Mahasiswi Universitas Punjab mendengarkan penjelasan pemandu wisata di dalam gua garam Khewra (AGUSTINUS WIBOWO)

Di bawah tanah, ada dunia lain Pakistan yang tersembunyi. Sejuk, indah, misterius.

Mungkin tak banyak orang yang tahu, Pakistan punya pertambangan garam terbesar kedua di dunia. Kalau bayangan saya yang tinggal di pesisir sebuah pulau Indonesia, garam dihasilkan dari air laut yang dijemur di bawah terik matahari. Sungguh tak terbayang, bahwa ternyata garam juga muncul di perut bumi. Di bawah tanah Punjab, di bawah lapisan gundukan gunung pasir, ada sebuah dunia lain yang penuh warna.

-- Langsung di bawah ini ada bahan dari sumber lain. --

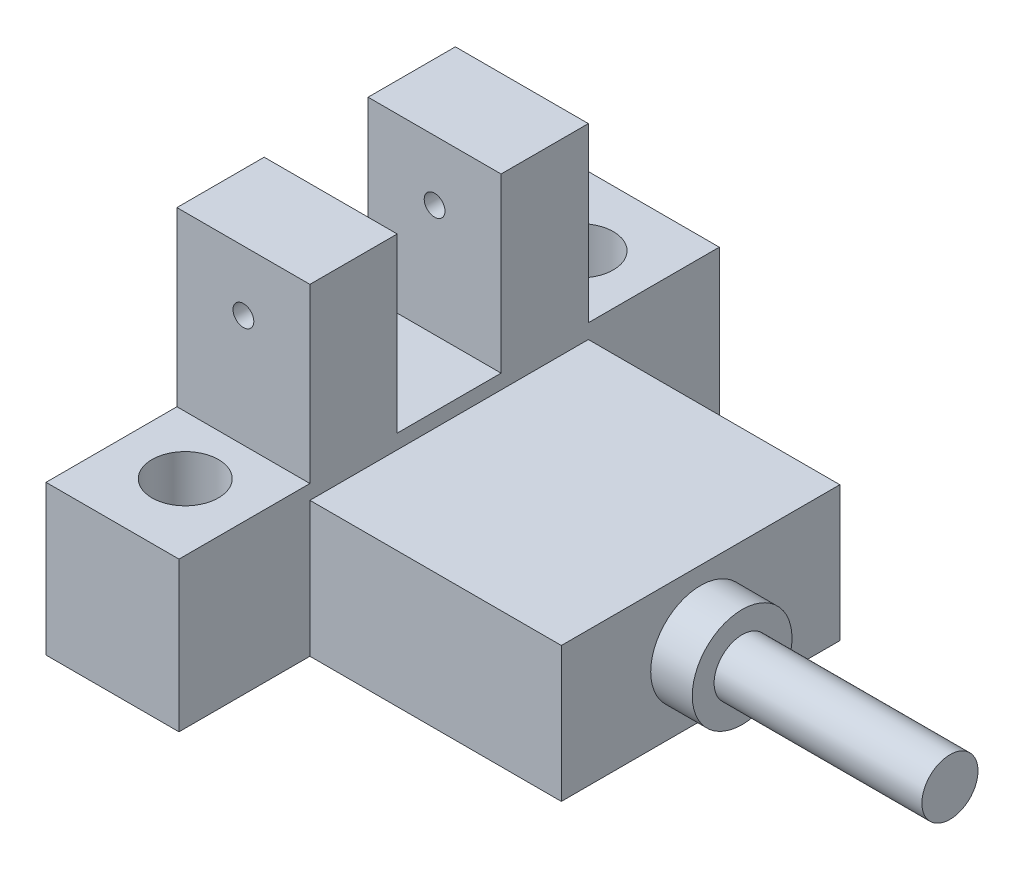
from build123d import *

# Parameters (mm, degrees)
AUFSATZ_LINEAR_AUSTRAGEN1_DEPTH = 26
SKIZZE2_W                       = 12.1
SKIZZE2_H                       = 6.3
SCHNITT_LINEAR_AUSTRAGEN1_DEPTH = 26
SKIZZE3_W                       = 6.4
SKIZZE3_H                       = 6.3
SCHNITT_LINEAR_AUSTRAGEN2_DEPTH = 8.3
SKIZZE4_W                       = 6.4
SKIZZE4_H                       = 5
SCHNITT_LINEAR_AUSTRAGEN3_DEPTH = 8.3
SKIZZE5_R                       = 0.5
SCHNITT_LINEAR_AUSTRAGEN4_DEPTH = 32.154293444
SKIZZE6_R                       = 1.6
SCHNITT_LINEAR_AUSTRAGEN5_DEPTH = 8.3
SKIZZE7_R                       = 2.4
AUFSATZ_LINEAR_AUSTRAGEN2_DEPTH = 2
SKIZZE8_R                       = 1.35
AUFSATZ_LINEAR_AUSTRAGEN3_DEPTH = 10


with BuildPart() as part:
    # Skizze1 → Aufsatz-Linear austragen1 (new body)
    with BuildSketch(Plane.XY):
        Polygon((0, 0), (0, 15.5), (6.4, 15.5), (6.4, 6.5), (18.5, 6.5), (18.5, 0), align=None)
    extrude(amount=AUFSATZ_LINEAR_AUSTRAGEN1_DEPTH)

    # Skizze2 → Schnitt-Linear austragen1 (cut)
    with BuildSketch(Plane(origin=(0, 6.5, 0), x_dir=(1, 0, 0), z_dir=(0, 1, 0))):
        with Locations((12.45, -22.85)):
            Rectangle(SKIZZE2_W, SKIZZE2_H)
        with Locations((12.45, -3.15)):
            Rectangle(SKIZZE2_W, SKIZZE2_H)
    extrude(amount=-SCHNITT_LINEAR_AUSTRAGEN1_DEPTH, mode=Mode.SUBTRACT)

    # Skizze3 → Schnitt-Linear austragen2 (cut)
    with BuildSketch(Plane(origin=(0, 15.5, 0), x_dir=(1, 0, 0), z_dir=(0, 1, 0))):
        with Locations((3.2, -22.85)):
            Rectangle(SKIZZE3_W, SKIZZE3_H)
        with Locations((3.2, -3.15)):
            Rectangle(SKIZZE3_W, SKIZZE3_H)
    extrude(amount=-SCHNITT_LINEAR_AUSTRAGEN2_DEPTH, mode=Mode.SUBTRACT)

    # Skizze4 → Schnitt-Linear austragen3 (cut)
    with BuildSketch(Plane(origin=(0, 15.5, 0), x_dir=(1, 0, 0), z_dir=(0, 1, 0))):
        with Locations((3.2, -13)):
            Rectangle(SKIZZE4_W, SKIZZE4_H)
    extrude(amount=-SCHNITT_LINEAR_AUSTRAGEN3_DEPTH, mode=Mode.SUBTRACT)

    # Skizze5 → Schnitt-Linear austragen4 (cut, through all)
    with BuildSketch(Plane.XY.offset(19.7)):
        with Locations((3.2, 12.6)):
            Circle(SKIZZE5_R)
    extrude(amount=-SCHNITT_LINEAR_AUSTRAGEN4_DEPTH, mode=Mode.SUBTRACT)

    # Skizze6 → Schnitt-Linear austragen5 (cut)
    with BuildSketch(Plane(origin=(0, 7.2, 0), x_dir=(1, 0, 0), z_dir=(0, 1, 0))):
        with Locations(Location((3.2, -22.5, 0), (0, 0, 270))):
            Circle(SKIZZE6_R)
        with Locations(Location((3.2, -3.5, 0), (0, 0, 270))):
            Circle(SKIZZE6_R)
    extrude(amount=-SCHNITT_LINEAR_AUSTRAGEN5_DEPTH, mode=Mode.SUBTRACT)

    # Skizze7 → Aufsatz-Linear austragen2 (add)
    with BuildSketch(Plane(origin=(18.5, 0, 0), x_dir=(0, 0, -1), z_dir=(1, 0, 0))):
        with Locations(Location((-13, 3.25, 0), (0, 0, 180))):
            Circle(SKIZZE7_R)
    extrude(amount=AUFSATZ_LINEAR_AUSTRAGEN2_DEPTH)

    # Skizze8 → Aufsatz-Linear austragen3 (add)
    with BuildSketch(Plane(origin=(20.5, 0, 0), x_dir=(0, 0, -1), z_dir=(1, 0, 0))):
        with Locations((-13, 3.25)):
            Circle(SKIZZE8_R)
    extrude(amount=AUFSATZ_LINEAR_AUSTRAGEN3_DEPTH)


solid = part.part
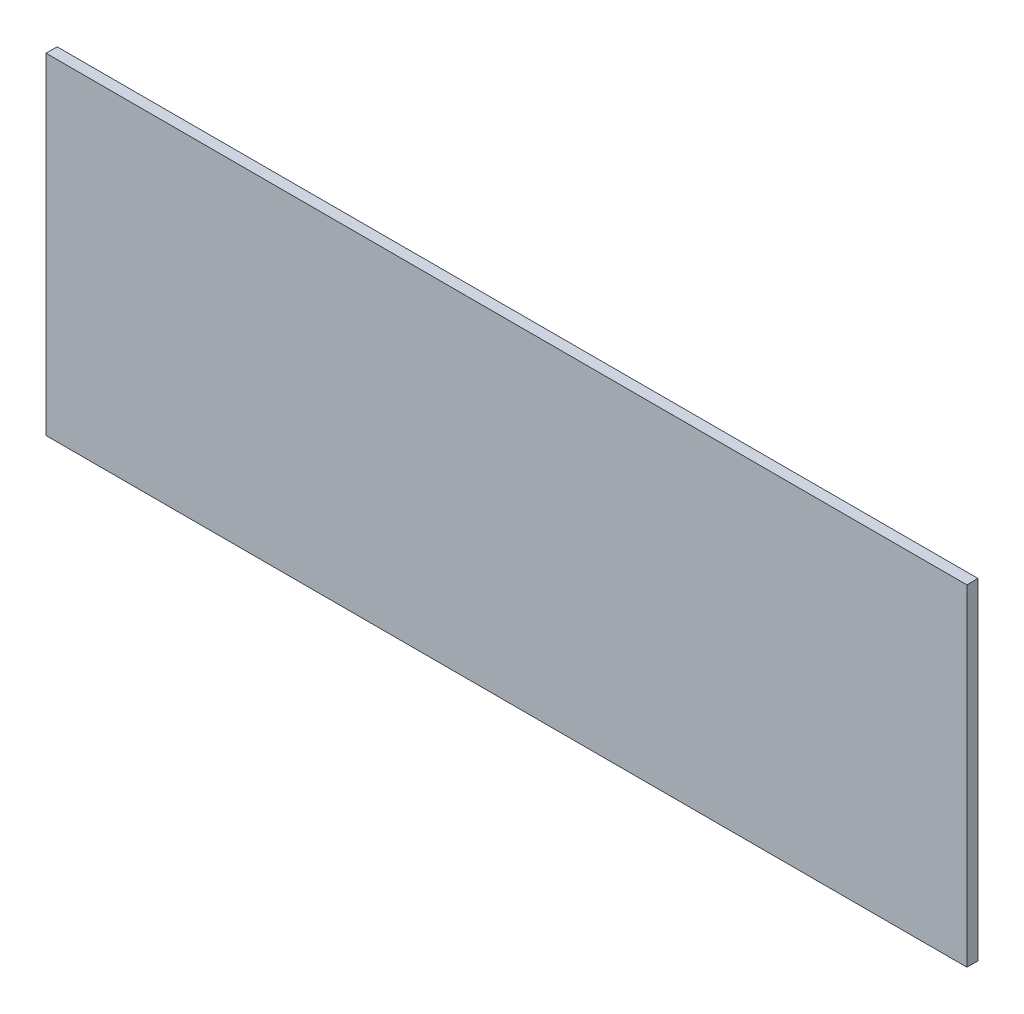
from build123d import *

# Parameters (mm, degrees)
SKETCH1_W           = 463.55
SKETCH1_H           = 166.6875
BOSS_EXTRUDE1_DEPTH = 5.588


with BuildPart() as part:
    # Sketch1 → Boss-Extrude1 (new body)
    with BuildSketch(Plane.XY):
        Rectangle(SKETCH1_W, SKETCH1_H)
    extrude(amount=BOSS_EXTRUDE1_DEPTH)


solid = part.part
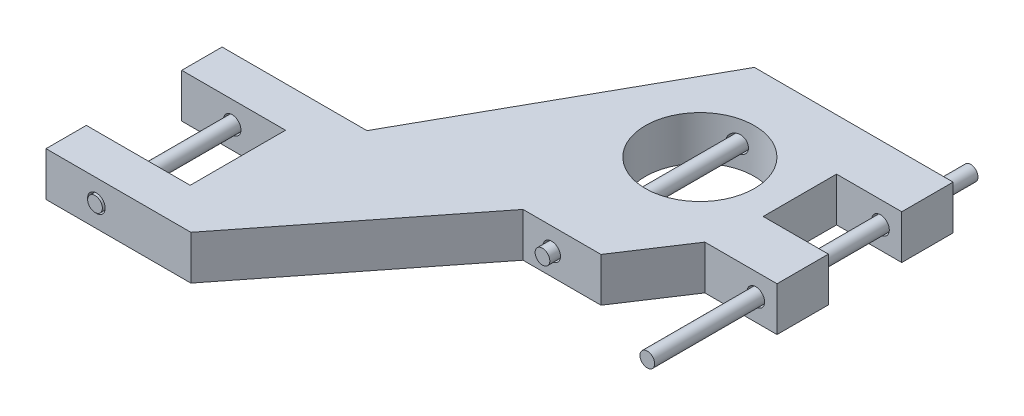
from build123d import *

# Parameters (mm, degrees)
SKETCH21_R         = 9.436937722
EXTRUDE1_DEPTH     = 3.81
SKETCH22_R         = 1.524
CUT_EXTRUDE1_DEPTH = 91.7575
EXTRUDE2_START     = 10.16
SKETCH24_R         = 1.27
EXTRUDE2_DEPTH     = 40.005
EXTRUDE3_START     = 16.51
SKETCH24_3_R       = 1.27
EXTRUDE3_DEPTH     = 55.974
EXTRUDE4_START     = 12.7
SKETCH24_4_R       = 1.27
EXTRUDE4_DEPTH     = 28.288


with BuildPart() as part:
    # Sketch21 → Extrude1 (new, symmetric)
    with BuildSketch(Plane(origin=(0, 0, 0), x_dir=(1, 0, 0), z_dir=(0, 1, 0))):
        Polygon((-25.235563568, 32.747037143), (9.156953986, 32.747037143), (9.156953986, 23.857037143), (-2.129946458, 23.857037143), (-2.129946458, 11.157037143), (9.156953986, 11.157037143), (9.156953986, 2.267037143), (-3.333838084, 2.267037143), (-10.476047059, -8.570931995), (-23.974524178, -8.570931995), (-49.288929698, -40.750763377), (-74.36445975, -40.750763377), (-74.36445975, -33.765763377), (-56.396654351, -33.765763377), (-56.396654351, -17.255763377), (-74.36445975, -17.255763377), (-74.36445975, -10.270763377), (-49.288929698, -10.270763377), align=None)
        with Locations((-16.513065154, 14.584522986)):
            Circle(SKETCH21_R, mode=Mode.SUBTRACT)
    extrude(amount=EXTRUDE1_DEPTH, both=True)

    # Sketch22 → Cut-Extrude1 (cut, symmetric)
    with BuildSketch(Plane(origin=(0, 0, 0), x_dir=(-1, 0, 0), z_dir=(0, 0, -1))):
        with Locations((-5.47919097, 0)):
            Circle(SKETCH22_R)
        with Locations((65.64080903, 0)):
            Circle(SKETCH22_R)
        with Locations((19.01714802, 0)):
            Circle(SKETCH22_R)
    extrude(amount=CUT_EXTRUDE1_DEPTH, both=True, mode=Mode.SUBTRACT)


with BuildPart() as body_2:
    # Sketch24 → Extrude2 (new body)
    with BuildSketch(Plane.XY.offset(EXTRUDE2_START)):
        with Locations((-19.01714802, 0)):
            Circle(SKETCH24_R)
    extrude(amount=-EXTRUDE2_DEPTH)


with BuildPart() as body_3:
    # Sketch24<3> → Extrude3 (new body)
    with BuildSketch(Plane.XY.offset(EXTRUDE3_START)):
        with Locations((5.47919097, 0)):
            Circle(SKETCH24_3_R)
    extrude(amount=-EXTRUDE3_DEPTH)


with BuildPart() as body_4:
    # Sketch24<4> → Extrude4 (new body)
    with BuildSketch(Plane.XY.offset(EXTRUDE4_START)):
        with Locations((-65.64080903, 0)):
            Circle(SKETCH24_4_R)
    extrude(amount=EXTRUDE4_DEPTH)


solid = Compound([part.part, body_2.part, body_3.part, body_4.part])
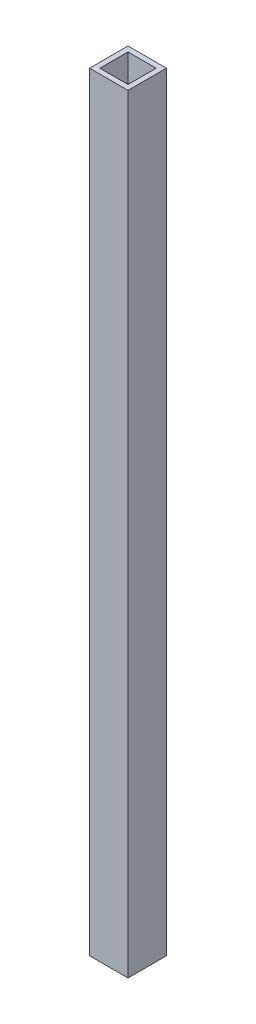
from build123d import *

# Parameters (mm, degrees)
SKETCH1_W           = 15
SKETCH1_H           = 15
SKETCH1_W_2         = 11
SKETCH1_H_2         = 11
BOSS_EXTRUDE1_DEPTH = 300


with BuildPart() as part:
    # Sketch1 → Boss-Extrude1 (new body)
    with BuildSketch(Plane(origin=(0, 0, 0), x_dir=(1, 0, 0), z_dir=(0, 1, 0))):
        with Locations((7.5, 7.5)):
            Rectangle(SKETCH1_W, SKETCH1_H)
        with Locations((7.5, 7.5)):
            Rectangle(SKETCH1_W_2, SKETCH1_H_2, mode=Mode.SUBTRACT)
    extrude(amount=BOSS_EXTRUDE1_DEPTH)


solid = part.part
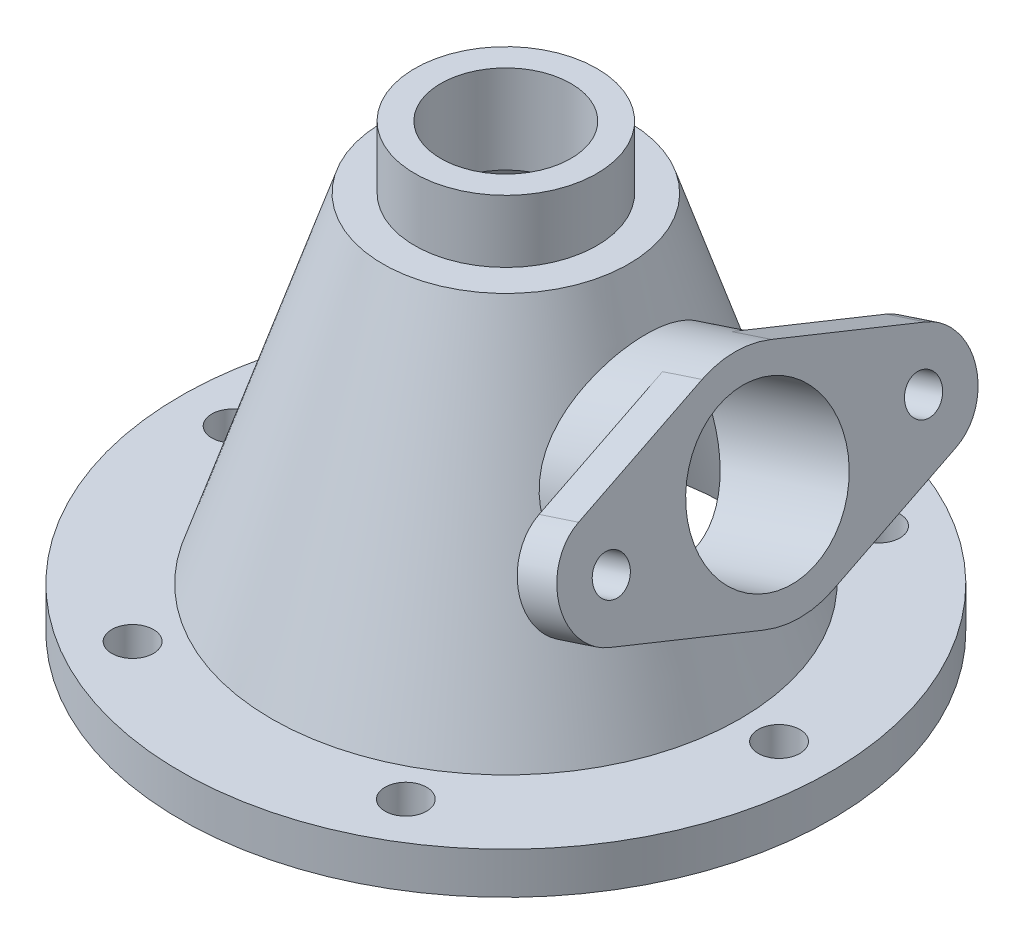
from build123d import *
from build123d.topology import SkipClean

# Parameters (mm, degrees)
SKETCH_11_R         = 4
CUT_EXTRUDE_1_DEPTH = 10
EXTRUDE_1_REACH     = 140.176
SKETCH_13_R         = 20
SKETCH_16_R         = 3.5
EXTRUDE_4_DEPTH     = 8
CUT_EXTRUDE_2_REACH = 140.176
SKETCH_17_R         = 15


with BuildPart() as part:
    # 草图1 → 旋转5 (revolve)
    with BuildSketch(Plane.XY, mode=Mode.PRIVATE) as revolve_5_sk:
        Polygon((42.367967, 0), (62.5, 0), (62.5, 8), (45, 8), (23.618855, 73), (17.5, 73), (17.5, 85), (12.5, 85), (12.5, 68), (20, 68), align=None)
    revolve(revolve_5_sk.sketch.rotate(Axis((0, 0, 0), (0, 1, 0)), 90), axis=Axis((0, 0, 0), (0, 1, 0)))

    # 草图11 → 切除-拉伸1 (cut)
    with BuildSketch(Plane(origin=(0, 8, 0), x_dir=(1, 0, 0), z_dir=(0, 1, 0))):
        with Locations(Location((52.5, 0, 0), (0, 0, 270))):
            Circle(SKETCH_11_R)
        with Locations(Location((26.25, -45.466334, 0), (0, 0, 270))):
            Circle(SKETCH_11_R)
        with Locations(Location((-26.25, -45.466334, 0), (0, 0, 270))):
            Circle(SKETCH_11_R)
        with Locations(Location((-52.5, 0, 0), (0, 0, 270))):
            Circle(SKETCH_11_R)
        with Locations(Location((-26.25, 45.466334, 0), (0, 0, 270))):
            Circle(SKETCH_11_R)
        with Locations(Location((26.25, 45.466334, 0), (0, 0, 270))):
            Circle(SKETCH_11_R)
    extrude(amount=-CUT_EXTRUDE_1_DEPTH, mode=Mode.SUBTRACT)

    # 草图13 → 凸台-拉伸1 (add, up to next)
    with BuildSketch(Plane(origin=(50.133302, 50, 0), x_dir=(0, 0, -1), z_dir=(0.9499276731466783, 0.3124698638111166, 0)), mode=Mode.PRIVATE) as extrude_1_sk1:
        with Locations(Location((0, -0.423678, 0), (0, 0, 90))):
            Circle(SKETCH_13_R)
    extrude_1_tool1 = extrude(extrude_1_sk1.sketch, amount=-EXTRUDE_1_REACH, mode=Mode.PRIVATE) - part.part
    add(extrude_1_tool1.solids().sort_by_distance((50.265689, 49.597537, 0))[0])

    # 草图16 → 凸台-拉伸4 (add)
    with SkipClean():  # the faces are left unmerged after this step: merging them gives an invalid solid
        with BuildSketch(Plane(origin=(50.133302, 50, 0), x_dir=(0, 0, -1), z_dir=(0.9499276731466783, 0.3124698638111166, 0))):
            with BuildLine():
                Line((-33.333333, 9.010442), (-6.662877, 18.433842))
                ThreePointArc((-6.662877, 18.433842), (0, 19.576322), (6.662877, 18.433842))
                Line((6.662877, 18.433842), (33.333333, 9.010442))
                ThreePointArc((33.333333, 9.010442), (40.001895, -0.416533), (33.336702, -9.845889))
                Line((33.336702, -9.845889), (6.669613, -19.278817))
                ThreePointArc((6.669613, -19.278817), (0, -20.423678), (-6.669613, -19.278817))
                Line((-6.669613, -19.278817), (-33.336702, -9.845889))
                ThreePointArc((-33.336702, -9.845889), (-40.001895, -0.416533), (-33.333333, 9.010442))
            make_face()
            with Locations(Location((30.001895, -0.418319, 0), (0, 0, 90))):
                Circle(SKETCH_16_R, mode=Mode.SUBTRACT)
            with Locations(Location((-30.001895, -0.418319, 0), (0, 0, 270))):
                Circle(SKETCH_16_R, mode=Mode.SUBTRACT)
        extrude(amount=-EXTRUDE_4_DEPTH)

    # 草图17 → 切除-拉伸2 (cut, up to next)
    with BuildSketch(Plane(origin=(50.133302, 50, 0), x_dir=(0, 0, -1), z_dir=(0.9499276731466783, 0.3124698638111166, 0)), mode=Mode.PRIVATE) as cut_extrude_2_sk1:
        with Locations(Location((0, -0.418319, 0), (0, 0, 90))):
            Circle(SKETCH_17_R)
    cut_extrude_2_tool1 = extrude(cut_extrude_2_sk1.sketch, amount=-CUT_EXTRUDE_2_REACH, mode=Mode.PRIVATE) & part.part
    add(cut_extrude_2_tool1.solids().sort_by_distance((50.264014, 49.602627, 0))[0], mode=Mode.SUBTRACT)


solid = part.part

Tambang garam Khewra terletak sekitar 200 kilometer di selatan Islamabad. Pertambangan garam di sini termasuk salah satu yang tertua di dunia, sudah mulai sejak zaman Iskandar Yang Agung. Dikisahkan, prajurit perang Iskandar yang kelelahan, secara tak sengaja menemukan tambang garam raksasa ini ketika memperhatikan kuda-kuda makan tanah. Sekarang, pertambangan Khewra ukurannya 260 kilometer panjangnya dan 900 meter tingginya. Gua dan terowongan di dalam bukit gunung dibagi menjadi 17 lantai, dengan 11 lantai di bawah permukaan tanah. Cadangan garam di sini tak akan habis dikonsumsi selama 600 tahun sekalipun!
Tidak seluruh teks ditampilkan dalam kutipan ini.